## AIM OF THE EXERCISE:
All lines of the entries with "DASHED" in them must be listed.

## TASK INPUT:
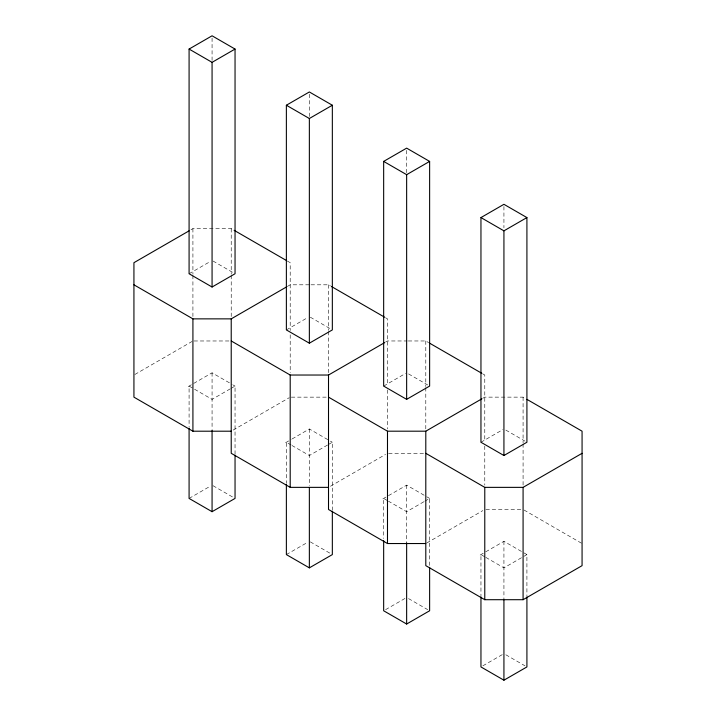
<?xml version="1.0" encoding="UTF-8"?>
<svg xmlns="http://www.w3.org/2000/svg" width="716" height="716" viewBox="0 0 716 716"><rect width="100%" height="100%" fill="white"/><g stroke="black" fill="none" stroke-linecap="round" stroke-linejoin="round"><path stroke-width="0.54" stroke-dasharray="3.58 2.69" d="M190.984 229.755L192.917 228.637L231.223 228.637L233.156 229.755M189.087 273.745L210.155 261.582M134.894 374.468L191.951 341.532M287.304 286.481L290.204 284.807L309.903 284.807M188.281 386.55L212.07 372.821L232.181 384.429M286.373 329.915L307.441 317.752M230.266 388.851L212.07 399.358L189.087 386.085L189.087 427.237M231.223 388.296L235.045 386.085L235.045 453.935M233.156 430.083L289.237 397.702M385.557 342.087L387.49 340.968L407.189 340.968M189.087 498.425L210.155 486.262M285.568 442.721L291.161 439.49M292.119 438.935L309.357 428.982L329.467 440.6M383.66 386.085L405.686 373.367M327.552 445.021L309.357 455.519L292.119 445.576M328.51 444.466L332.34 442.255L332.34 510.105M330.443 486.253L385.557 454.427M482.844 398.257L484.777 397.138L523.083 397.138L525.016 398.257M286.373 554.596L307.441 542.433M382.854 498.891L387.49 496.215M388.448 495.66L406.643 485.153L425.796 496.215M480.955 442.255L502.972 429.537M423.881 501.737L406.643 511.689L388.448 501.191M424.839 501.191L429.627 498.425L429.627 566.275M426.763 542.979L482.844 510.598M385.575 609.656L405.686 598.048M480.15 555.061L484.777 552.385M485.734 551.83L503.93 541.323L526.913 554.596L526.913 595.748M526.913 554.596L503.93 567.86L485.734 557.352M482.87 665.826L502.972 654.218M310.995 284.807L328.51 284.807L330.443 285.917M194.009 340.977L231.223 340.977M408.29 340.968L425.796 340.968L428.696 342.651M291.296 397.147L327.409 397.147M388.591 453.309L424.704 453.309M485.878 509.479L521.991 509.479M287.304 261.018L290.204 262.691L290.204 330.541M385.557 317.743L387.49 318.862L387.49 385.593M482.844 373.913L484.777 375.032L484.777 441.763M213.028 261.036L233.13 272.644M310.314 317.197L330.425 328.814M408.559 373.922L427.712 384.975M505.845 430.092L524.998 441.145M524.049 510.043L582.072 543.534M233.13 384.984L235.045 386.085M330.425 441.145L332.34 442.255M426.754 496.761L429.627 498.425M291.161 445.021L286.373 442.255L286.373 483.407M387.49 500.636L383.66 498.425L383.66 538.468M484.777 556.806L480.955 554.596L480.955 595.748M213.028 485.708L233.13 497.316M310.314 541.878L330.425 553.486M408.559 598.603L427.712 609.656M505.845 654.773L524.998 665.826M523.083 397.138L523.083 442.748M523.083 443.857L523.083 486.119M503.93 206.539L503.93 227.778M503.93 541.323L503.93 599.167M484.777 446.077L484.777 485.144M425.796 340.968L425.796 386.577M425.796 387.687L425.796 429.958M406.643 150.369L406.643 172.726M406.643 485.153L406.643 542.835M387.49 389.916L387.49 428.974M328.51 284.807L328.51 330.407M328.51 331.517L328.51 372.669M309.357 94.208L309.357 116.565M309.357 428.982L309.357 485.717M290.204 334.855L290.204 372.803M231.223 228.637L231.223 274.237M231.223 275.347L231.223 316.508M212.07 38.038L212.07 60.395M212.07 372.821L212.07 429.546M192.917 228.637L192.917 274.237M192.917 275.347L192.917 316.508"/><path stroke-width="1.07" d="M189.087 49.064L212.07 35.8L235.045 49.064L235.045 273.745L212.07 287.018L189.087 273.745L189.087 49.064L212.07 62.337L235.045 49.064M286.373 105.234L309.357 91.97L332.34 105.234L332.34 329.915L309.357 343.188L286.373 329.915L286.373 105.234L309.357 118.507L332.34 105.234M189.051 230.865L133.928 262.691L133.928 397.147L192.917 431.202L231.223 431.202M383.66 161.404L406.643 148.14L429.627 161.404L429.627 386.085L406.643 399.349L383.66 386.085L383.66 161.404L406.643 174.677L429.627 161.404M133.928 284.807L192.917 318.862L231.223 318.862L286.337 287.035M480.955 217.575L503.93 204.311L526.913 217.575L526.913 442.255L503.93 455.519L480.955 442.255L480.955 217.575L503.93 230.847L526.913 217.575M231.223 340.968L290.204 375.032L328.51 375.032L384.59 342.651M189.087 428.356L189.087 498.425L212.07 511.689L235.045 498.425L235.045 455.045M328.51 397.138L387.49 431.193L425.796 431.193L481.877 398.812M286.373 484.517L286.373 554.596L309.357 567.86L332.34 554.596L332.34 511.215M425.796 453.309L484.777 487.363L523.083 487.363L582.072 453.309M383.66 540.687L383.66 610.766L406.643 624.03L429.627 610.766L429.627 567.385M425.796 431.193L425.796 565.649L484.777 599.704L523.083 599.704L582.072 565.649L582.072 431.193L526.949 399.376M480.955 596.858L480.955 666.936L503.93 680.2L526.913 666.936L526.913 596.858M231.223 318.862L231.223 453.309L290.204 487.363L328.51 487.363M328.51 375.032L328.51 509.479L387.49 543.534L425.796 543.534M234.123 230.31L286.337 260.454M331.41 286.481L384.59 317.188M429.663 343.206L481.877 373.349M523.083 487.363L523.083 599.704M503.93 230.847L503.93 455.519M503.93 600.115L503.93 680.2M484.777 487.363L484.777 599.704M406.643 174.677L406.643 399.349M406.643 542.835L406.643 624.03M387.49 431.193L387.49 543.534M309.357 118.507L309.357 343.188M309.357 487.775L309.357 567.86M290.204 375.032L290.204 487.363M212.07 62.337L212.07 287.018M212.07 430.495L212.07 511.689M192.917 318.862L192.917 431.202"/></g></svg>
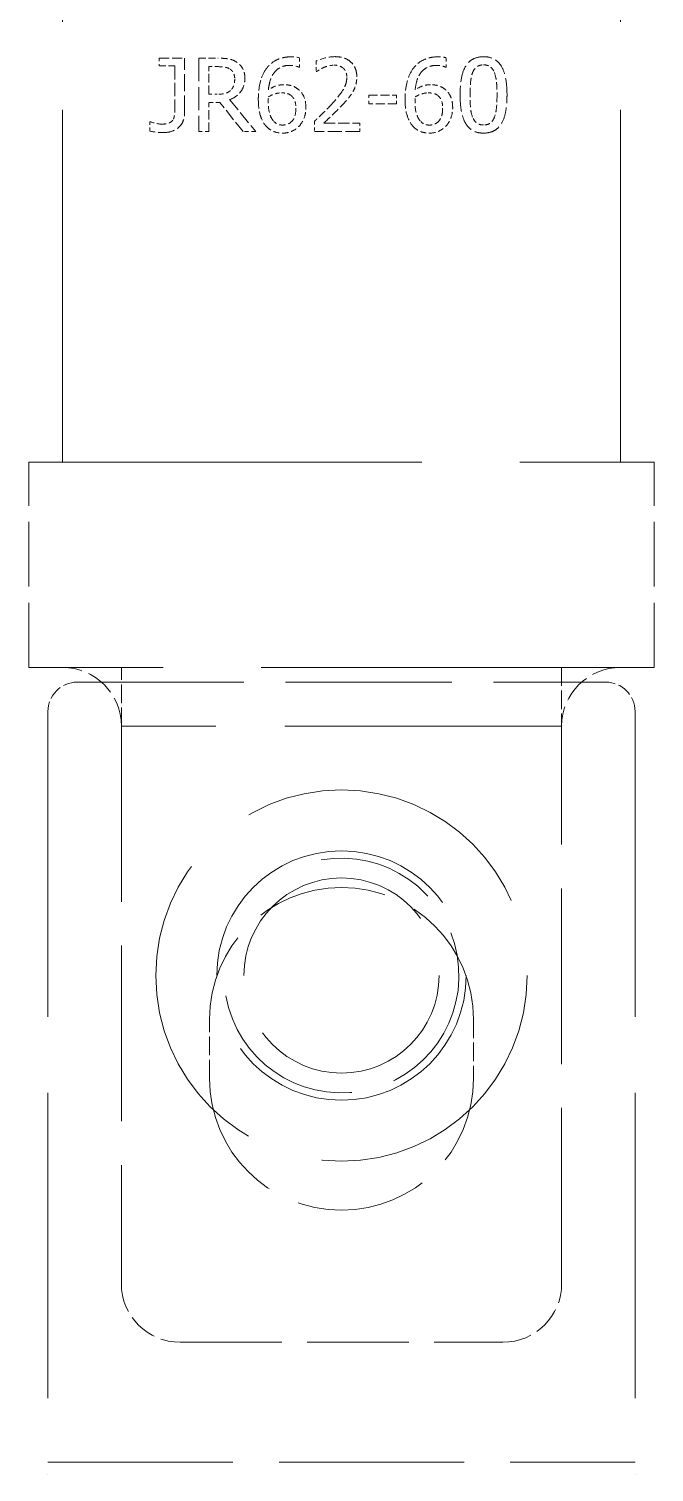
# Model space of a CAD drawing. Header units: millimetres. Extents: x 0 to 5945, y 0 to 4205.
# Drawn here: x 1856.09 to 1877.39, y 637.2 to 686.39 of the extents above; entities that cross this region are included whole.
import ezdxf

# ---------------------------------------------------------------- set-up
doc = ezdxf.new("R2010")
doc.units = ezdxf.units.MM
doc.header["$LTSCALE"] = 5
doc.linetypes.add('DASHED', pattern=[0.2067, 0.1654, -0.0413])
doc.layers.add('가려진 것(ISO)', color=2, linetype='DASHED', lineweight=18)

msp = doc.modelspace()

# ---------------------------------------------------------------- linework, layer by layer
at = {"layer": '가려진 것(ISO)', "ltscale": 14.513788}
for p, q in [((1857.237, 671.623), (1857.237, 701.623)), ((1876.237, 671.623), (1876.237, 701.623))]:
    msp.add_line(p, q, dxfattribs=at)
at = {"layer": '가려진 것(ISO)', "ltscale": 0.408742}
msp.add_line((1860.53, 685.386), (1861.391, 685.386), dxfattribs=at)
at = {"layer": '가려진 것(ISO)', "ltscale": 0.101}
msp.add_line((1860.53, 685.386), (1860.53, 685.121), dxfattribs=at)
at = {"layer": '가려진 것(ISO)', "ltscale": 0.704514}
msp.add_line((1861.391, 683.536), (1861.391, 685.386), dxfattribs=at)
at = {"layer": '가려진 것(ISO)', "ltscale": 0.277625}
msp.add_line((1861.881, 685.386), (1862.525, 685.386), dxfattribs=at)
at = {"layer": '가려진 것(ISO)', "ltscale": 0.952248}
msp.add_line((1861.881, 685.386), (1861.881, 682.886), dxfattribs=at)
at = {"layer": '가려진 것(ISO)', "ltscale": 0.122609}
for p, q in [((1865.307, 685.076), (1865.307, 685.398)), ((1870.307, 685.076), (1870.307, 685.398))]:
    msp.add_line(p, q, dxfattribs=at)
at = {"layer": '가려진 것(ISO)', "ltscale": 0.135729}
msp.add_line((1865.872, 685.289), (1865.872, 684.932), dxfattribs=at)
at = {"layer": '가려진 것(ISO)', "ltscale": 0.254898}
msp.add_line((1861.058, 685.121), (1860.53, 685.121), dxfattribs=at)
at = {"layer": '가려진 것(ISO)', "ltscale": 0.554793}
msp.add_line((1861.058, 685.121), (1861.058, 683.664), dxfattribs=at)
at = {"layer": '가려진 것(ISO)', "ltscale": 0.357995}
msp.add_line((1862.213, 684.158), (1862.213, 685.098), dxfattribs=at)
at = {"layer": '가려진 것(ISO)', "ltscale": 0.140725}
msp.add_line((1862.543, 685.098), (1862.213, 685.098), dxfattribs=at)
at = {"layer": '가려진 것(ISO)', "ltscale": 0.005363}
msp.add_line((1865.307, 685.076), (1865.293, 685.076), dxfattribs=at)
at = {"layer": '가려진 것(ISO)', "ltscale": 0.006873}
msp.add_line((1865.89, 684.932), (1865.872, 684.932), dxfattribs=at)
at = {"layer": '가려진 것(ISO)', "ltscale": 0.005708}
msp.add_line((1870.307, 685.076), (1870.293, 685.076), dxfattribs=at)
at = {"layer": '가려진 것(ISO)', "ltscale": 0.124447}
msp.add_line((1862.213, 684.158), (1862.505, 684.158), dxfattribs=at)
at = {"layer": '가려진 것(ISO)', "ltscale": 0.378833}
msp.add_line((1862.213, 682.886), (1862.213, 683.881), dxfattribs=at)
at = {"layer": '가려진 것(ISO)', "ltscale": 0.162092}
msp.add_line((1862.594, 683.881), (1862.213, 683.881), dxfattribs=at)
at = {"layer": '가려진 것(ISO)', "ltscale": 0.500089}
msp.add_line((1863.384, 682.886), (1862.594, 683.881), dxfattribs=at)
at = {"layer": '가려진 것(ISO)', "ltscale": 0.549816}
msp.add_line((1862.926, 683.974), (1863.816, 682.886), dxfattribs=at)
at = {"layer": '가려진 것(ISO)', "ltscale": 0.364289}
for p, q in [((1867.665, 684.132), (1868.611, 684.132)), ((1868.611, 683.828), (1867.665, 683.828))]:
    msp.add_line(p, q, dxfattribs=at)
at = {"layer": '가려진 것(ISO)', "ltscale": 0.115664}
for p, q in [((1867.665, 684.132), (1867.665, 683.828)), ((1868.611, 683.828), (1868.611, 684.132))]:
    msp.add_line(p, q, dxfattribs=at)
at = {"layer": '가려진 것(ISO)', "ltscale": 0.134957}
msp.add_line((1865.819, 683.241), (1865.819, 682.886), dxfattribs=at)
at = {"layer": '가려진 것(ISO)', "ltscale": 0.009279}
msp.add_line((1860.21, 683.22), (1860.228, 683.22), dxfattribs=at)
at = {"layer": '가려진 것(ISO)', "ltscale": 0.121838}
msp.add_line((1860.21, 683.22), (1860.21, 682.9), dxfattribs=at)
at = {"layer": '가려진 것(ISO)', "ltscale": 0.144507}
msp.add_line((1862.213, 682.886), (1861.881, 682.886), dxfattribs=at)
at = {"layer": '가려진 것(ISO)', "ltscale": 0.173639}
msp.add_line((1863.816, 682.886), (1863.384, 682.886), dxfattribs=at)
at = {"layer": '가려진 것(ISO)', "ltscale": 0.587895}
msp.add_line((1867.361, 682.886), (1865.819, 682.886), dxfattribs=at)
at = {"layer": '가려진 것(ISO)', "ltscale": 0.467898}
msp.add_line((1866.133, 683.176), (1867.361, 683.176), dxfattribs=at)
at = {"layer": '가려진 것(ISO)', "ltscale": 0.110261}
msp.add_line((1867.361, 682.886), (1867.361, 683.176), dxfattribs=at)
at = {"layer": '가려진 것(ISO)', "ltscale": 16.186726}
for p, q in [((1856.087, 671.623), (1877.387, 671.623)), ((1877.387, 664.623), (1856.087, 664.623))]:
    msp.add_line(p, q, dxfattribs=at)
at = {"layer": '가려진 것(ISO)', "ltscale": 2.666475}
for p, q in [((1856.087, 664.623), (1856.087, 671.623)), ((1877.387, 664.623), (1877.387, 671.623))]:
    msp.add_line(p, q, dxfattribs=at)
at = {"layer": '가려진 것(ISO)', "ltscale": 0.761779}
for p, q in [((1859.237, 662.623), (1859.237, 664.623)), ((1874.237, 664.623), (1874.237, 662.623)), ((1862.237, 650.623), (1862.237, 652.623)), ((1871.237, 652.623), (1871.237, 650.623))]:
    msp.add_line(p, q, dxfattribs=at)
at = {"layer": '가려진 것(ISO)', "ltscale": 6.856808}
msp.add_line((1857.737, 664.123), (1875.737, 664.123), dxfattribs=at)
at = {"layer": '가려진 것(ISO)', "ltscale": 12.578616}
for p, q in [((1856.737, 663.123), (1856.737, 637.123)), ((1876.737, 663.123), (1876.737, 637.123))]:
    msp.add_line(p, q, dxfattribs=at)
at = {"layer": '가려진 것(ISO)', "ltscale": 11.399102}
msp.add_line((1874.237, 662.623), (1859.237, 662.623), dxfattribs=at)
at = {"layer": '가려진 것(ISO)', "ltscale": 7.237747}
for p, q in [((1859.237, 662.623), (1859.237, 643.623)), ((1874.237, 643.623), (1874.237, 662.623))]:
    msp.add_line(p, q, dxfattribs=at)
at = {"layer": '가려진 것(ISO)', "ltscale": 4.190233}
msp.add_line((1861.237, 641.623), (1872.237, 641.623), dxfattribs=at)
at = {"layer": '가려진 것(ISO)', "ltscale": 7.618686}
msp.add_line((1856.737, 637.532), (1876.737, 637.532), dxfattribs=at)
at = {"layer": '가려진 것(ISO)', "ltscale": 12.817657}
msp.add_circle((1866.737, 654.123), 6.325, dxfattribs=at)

## TASK OUTPUT:
doc.linetypes.add('DASHED', pattern=[0.2067, 0.1654, -0.0413])
doc.layers.add('가려진 것(ISO)', color=2, linetype='DASHED', lineweight=18)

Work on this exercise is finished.